» **TASK BRIEF**
Images excluded, reproduce each line of the records exactly as it stands.

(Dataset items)
┌────────

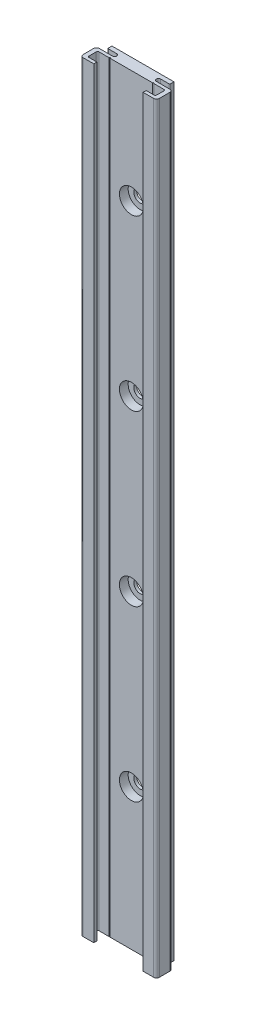
from build123d import *

# Parameters (mm, degrees)
BOSS_EXTRUDE1_DEPTH                              = 270
CUT_EXTRUDE1_DEPTH                               = 271.477244884
F_0_4_0_4_DIAMETER_HOLE1_D                       = 0.4
CBORE_FOR_M4_HEX_HEAD_MACHINE_SCREW1_D           = 4.5
CBORE_FOR_M4_HEX_HEAD_MACHINE_SCREW1_DEPTH       = 4.1
CBORE_FOR_M4_HEX_HEAD_MACHINE_SCREW1_CBORE_D     = 8.5
CBORE_FOR_M4_HEX_HEAD_MACHINE_SCREW1_CBORE_DEPTH = 3.1
FILLET1_R                                        = 0.2
FILLET2_R                                        = 0.5
FILLET3_R                                        = 1


with BuildPart() as part:
    # Sketch1 → Boss-Extrude1 (new body)
    with BuildSketch(Plane(origin=(0, 300, 0), x_dir=(1, 0, 0), z_dir=(0, 1, 0))):
        with BuildLine():
            Line((-13.5, -3), (-13.5, -8.7))
            Line((-13.5, -8.7), (13.5, -8.7))
            Line((13.5, -8.7), (13.5, -3))
            Line((13.5, -3), (7.8, -3))
            ThreePointArc((7.8, -3), (7.05, -2.25), (7.8, -1.5))
            Line((7.8, -1.5), (11, -1.5))
            Line((11, -1.5), (11, 0))
            Line((11, 0), (-11, 0))
            Line((-11, 0), (-11, -1.5))
            Line((-11, -1.5), (-7.8, -1.5))
            ThreePointArc((-7.8, -1.5), (-7.05, -2.25), (-7.8, -3))
            Line((-7.8, -3), (-13.5, -3))
        make_face()
    extrude(amount=-BOSS_EXTRUDE1_DEPTH)

    # Sketch2 → Cut-Extrude1 (cut, through all)
    with BuildSketch(Plane.XZ.offset(-30)):
        Polygon((8.75, 8.7), (-8.75, 8.7), (-8.75, 7.6), (-12, 7.6), (-12, 4.1), (12, 4.1), (12, 7.6), (8.75, 7.6), align=None)
    extrude(amount=-CUT_EXTRUDE1_DEPTH, mode=Mode.SUBTRACT)

    # Ø0.4 (0.4) Diameter Hole1 (through all)
    with Locations(Plane(origin=(0, 300, 0), x_dir=(1, 0, 0), z_dir=(0, 1, 0))):
        with Locations((-7.75, -4.1), (7.75, -4.1)):
            Hole(F_0_4_0_4_DIAMETER_HOLE1_D / 2)

    # CBORE for M4 Hex Head Machine Screw1
    with Locations(Plane.XY.offset(4.1)):
        with Locations((0, 260), (0, 200), (0, 140), (0, 80), (0, 20)):
            CounterBoreHole(CBORE_FOR_M4_HEX_HEAD_MACHINE_SCREW1_D / 2, CBORE_FOR_M4_HEX_HEAD_MACHINE_SCREW1_CBORE_D / 2, CBORE_FOR_M4_HEX_HEAD_MACHINE_SCREW1_CBORE_DEPTH, depth=CBORE_FOR_M4_HEX_HEAD_MACHINE_SCREW1_DEPTH)

    # Fillet1
    fillet1_edges = [part.edges().sort_by_distance(p)[0] for p in [
        (11, 165, 1.5),
        (-11, 165, 1.5),
    ]]
    fillet(fillet1_edges, radius=FILLET1_R)

    # Fillet2
    fillet2_edges = [part.edges().sort_by_distance(p)[0] for p in [
        (12, 165, 4.1),
        (-12, 165, 7.6),
        (12, 165, 7.6),
        (-12, 165, 4.1),
    ]]
    fillet(fillet2_edges, radius=FILLET2_R)

    # Fillet3
    fillet3_edges = [part.edges().sort_by_distance(p)[0] for p in [
        (-13.5, 165, 8.7),
        (-13.5, 165, 3),
        (13.5, 165, 3),
        (13.5, 165, 8.7),
    ]]
    fillet(fillet3_edges, radius=FILLET3_R)


solid = part.part
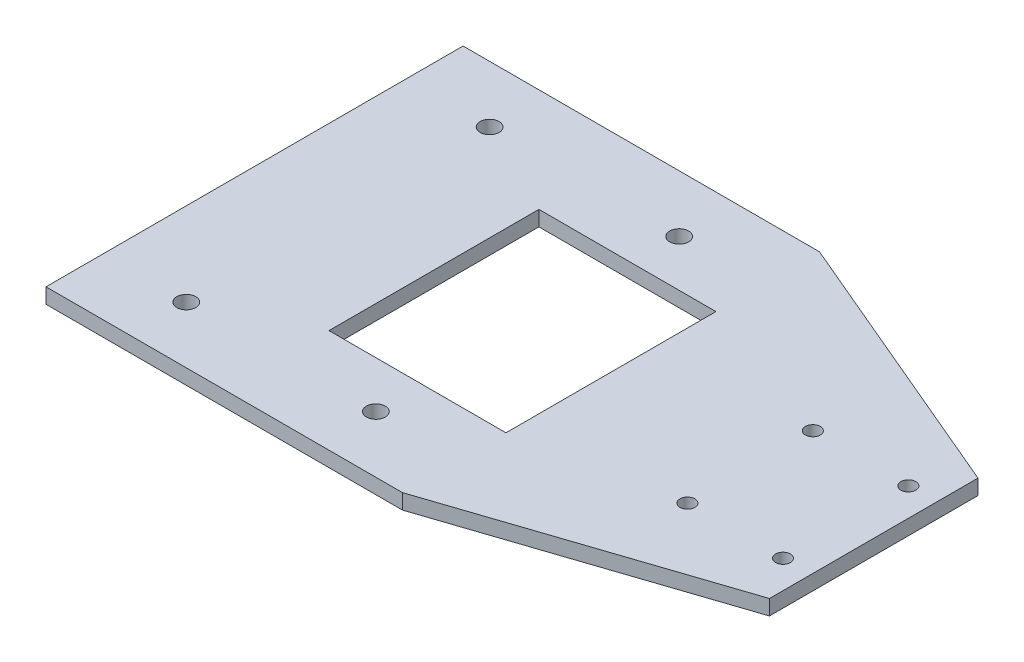
from build123d import *

# Parameters (mm, degrees)
SKETCH1_R           = 1.5875
SKETCH1_R_2         = 1.25
BOSS_EXTRUDE1_DEPTH = 2.54
SKETCH2_W           = 29.643243896
SKETCH2_H           = 35.163967442
CUT_EXTRUDE1_DEPTH  = 2.54


with BuildPart() as part:
    # Sketch1 → Boss-Extrude1 (new body)
    with BuildSketch(Plane(origin=(0, 0, 0), x_dir=(1, 0, 0), z_dir=(0, 1, 0))):
        Polygon((75.945, 15.376423832), (29.845, 34.925), (-29.845, 34.925), (-29.845, -34.925), (29.845, -34.925), (75.945, -19.548576168), align=None)
        with Locations((-15.875, 25.4)):
            Circle(SKETCH1_R, mode=Mode.SUBTRACT)
        with Locations((15.875, 25.4)):
            Circle(SKETCH1_R, mode=Mode.SUBTRACT)
        with Locations((15.875, -25.4)):
            Circle(SKETCH1_R, mode=Mode.SUBTRACT)
        with Locations((-15.875, -25.4)):
            Circle(SKETCH1_R, mode=Mode.SUBTRACT)
        with Locations((71.245, 8.413923832)):
            Circle(SKETCH1_R_2, mode=Mode.SUBTRACT)
        with Locations((71.245, -12.586076168)):
            Circle(SKETCH1_R_2, mode=Mode.SUBTRACT)
        with Locations((55.245, -12.586076168)):
            Circle(SKETCH1_R_2, mode=Mode.SUBTRACT)
        with Locations((55.245, 8.413923832)):
            Circle(SKETCH1_R_2, mode=Mode.SUBTRACT)
    extrude(amount=BOSS_EXTRUDE1_DEPTH)

    # Sketch2 → Cut-Extrude1 (cut)
    with BuildSketch(Plane(origin=(0, 2.54, 0), x_dir=(1, 0, 0), z_dir=(0, 1, 0))):
        with Locations((15.023378052, 0)):
            Rectangle(SKETCH2_W, SKETCH2_H)
    extrude(amount=-CUT_EXTRUDE1_DEPTH, mode=Mode.SUBTRACT)


solid = part.part

└────────

» **COMPLETED EXERCISE**
from build123d import *

# Parameters (mm, degrees)
BOSS_EXTRUDE1_DEPTH                              = 270
CUT_EXTRUDE1_DEPTH                               = 271.477244884
F_0_4_0_4_DIAMETER_HOLE1_D                       = 0.4
CBORE_FOR_M4_HEX_HEAD_MACHINE_SCREW1_D           = 4.5
CBORE_FOR_M4_HEX_HEAD_MACHINE_SCREW1_DEPTH       = 4.1
CBORE_FOR_M4_HEX_HEAD_MACHINE_SCREW1_CBORE_D     = 8.5
CBORE_FOR_M4_HEX_HEAD_MACHINE_SCREW1_CBORE_DEPTH = 3.1
FILLET1_R                                        = 0.2
FILLET2_R                                        = 0.5
FILLET3_R                                        = 1


with BuildPart() as part:
    # Sketch1 → Boss-Extrude1 (new body)
    with BuildSketch(Plane(origin=(0, 300, 0), x_dir=(1, 0, 0), z_dir=(0, 1, 0))):
        with BuildLine():
            Line((-13.5, -3), (-13.5, -8.7))
            Line((-13.5, -8.7), (13.5, -8.7))
            Line((13.5, -8.7), (13.5, -3))
            Line((13.5, -3), (7.8, -3))
            ThreePointArc((7.8, -3), (7.05, -2.25), (7.8, -1.5))
            Line((7.8, -1.5), (11, -1.5))
            Line((11, -1.5), (11, 0))
            Line((11, 0), (-11, 0))
            Line((-11, 0), (-11, -1.5))
            Line((-11, -1.5), (-7.8, -1.5))
            ThreePointArc((-7.8, -1.5), (-7.05, -2.25), (-7.8, -3))
            Line((-7.8, -3), (-13.5, -3))
        make_face()
    extrude(amount=-BOSS_EXTRUDE1_DEPTH)

    # Sketch2 → Cut-Extrude1 (cut, through all)
    with BuildSketch(Plane.XZ.offset(-30)):
        Polygon((8.75, 8.7), (-8.75, 8.7), (-8.75, 7.6), (-12, 7.6), (-12, 4.1), (12, 4.1), (12, 7.6), (8.75, 7.6), align=None)
    extrude(amount=-CUT_EXTRUDE1_DEPTH, mode=Mode.SUBTRACT)

    # Ø0.4 (0.4) Diameter Hole1 (through all)
    with Locations(Plane(origin=(0, 300, 0), x_dir=(1, 0, 0), z_dir=(0, 1, 0))):
        with Locations((-7.75, -4.1), (7.75, -4.1)):
            Hole(F_0_4_0_4_DIAMETER_HOLE1_D / 2)

    # CBORE for M4 Hex Head Machine Screw1
    with Locations(Plane.XY.offset(4.1)):
        with Locations((0, 260), (0, 200), (0, 140), (0, 80), (0, 20)):
            CounterBoreHole(CBORE_FOR_M4_HEX_HEAD_MACHINE_SCREW1_D / 2, CBORE_FOR_M4_HEX_HEAD_MACHINE_SCREW1_CBORE_D / 2, CBORE_FOR_M4_HEX_HEAD_MACHINE_SCREW1_CBORE_DEPTH, depth=CBORE_FOR_M4_HEX_HEAD_MACHINE_SCREW1_DEPTH)

    # Fillet1
    fillet1_edges = [part.edges().sort_by_distance(p)[0] for p in [
        (11, 165, 1.5),
        (-11, 165, 1.5),
    ]]
    fillet(fillet1_edges, radius=FILLET1_R)

    # Fillet2
    fillet2_edges = [part.edges().sort_by_distance(p)[0] for p in [
        (12, 165, 4.1),
        (-12, 165, 7.6),
        (12, 165, 7.6),
        (-12, 165, 4.1),
    ]]
    fillet(fillet2_edges, radius=FILLET2_R)

    # Fillet3
    fillet3_edges = [part.edges().sort_by_distance(p)[0] for p in [
        (-13.5, 165, 8.7),
        (-13.5, 165, 3),
        (13.5, 165, 3),
        (13.5, 165, 8.7),
    ]]
    fillet(fillet3_edges, radius=FILLET3_R)


solid = part.part
from build123d import *

# Parameters (mm, degrees)
SKETCH1_R           = 1.5875
SKETCH1_R_2         = 1.25
BOSS_EXTRUDE1_DEPTH = 2.54
SKETCH2_W           = 29.643243896
SKETCH2_H           = 35.163967442
CUT_EXTRUDE1_DEPTH  = 2.54


with BuildPart() as part:
    # Sketch1 → Boss-Extrude1 (new body)
    with BuildSketch(Plane(origin=(0, 0, 0), x_dir=(1, 0, 0), z_dir=(0, 1, 0))):
        Polygon((75.945, 15.376423832), (29.845, 34.925), (-29.845, 34.925), (-29.845, -34.925), (29.845, -34.925), (75.945, -19.548576168), align=None)
        with Locations((-15.875, 25.4)):
            Circle(SKETCH1_R, mode=Mode.SUBTRACT)
        with Locations((15.875, 25.4)):
            Circle(SKETCH1_R, mode=Mode.SUBTRACT)
        with Locations((15.875, -25.4)):
            Circle(SKETCH1_R, mode=Mode.SUBTRACT)
        with Locations((-15.875, -25.4)):
            Circle(SKETCH1_R, mode=Mode.SUBTRACT)
        with Locations((71.245, 8.413923832)):
            Circle(SKETCH1_R_2, mode=Mode.SUBTRACT)
        with Locations((71.245, -12.586076168)):
            Circle(SKETCH1_R_2, mode=Mode.SUBTRACT)
        with Locations((55.245, -12.586076168)):
            Circle(SKETCH1_R_2, mode=Mode.SUBTRACT)
        with Locations((55.245, 8.413923832)):
            Circle(SKETCH1_R_2, mode=Mode.SUBTRACT)
    extrude(amount=BOSS_EXTRUDE1_DEPTH)

    # Sketch2 → Cut-Extrude1 (cut)
    with BuildSketch(Plane(origin=(0, 2.54, 0), x_dir=(1, 0, 0), z_dir=(0, 1, 0))):
        with Locations((15.023378052, 0)):
            Rectangle(SKETCH2_W, SKETCH2_H)
    extrude(amount=-CUT_EXTRUDE1_DEPTH, mode=Mode.SUBTRACT)


solid = part.part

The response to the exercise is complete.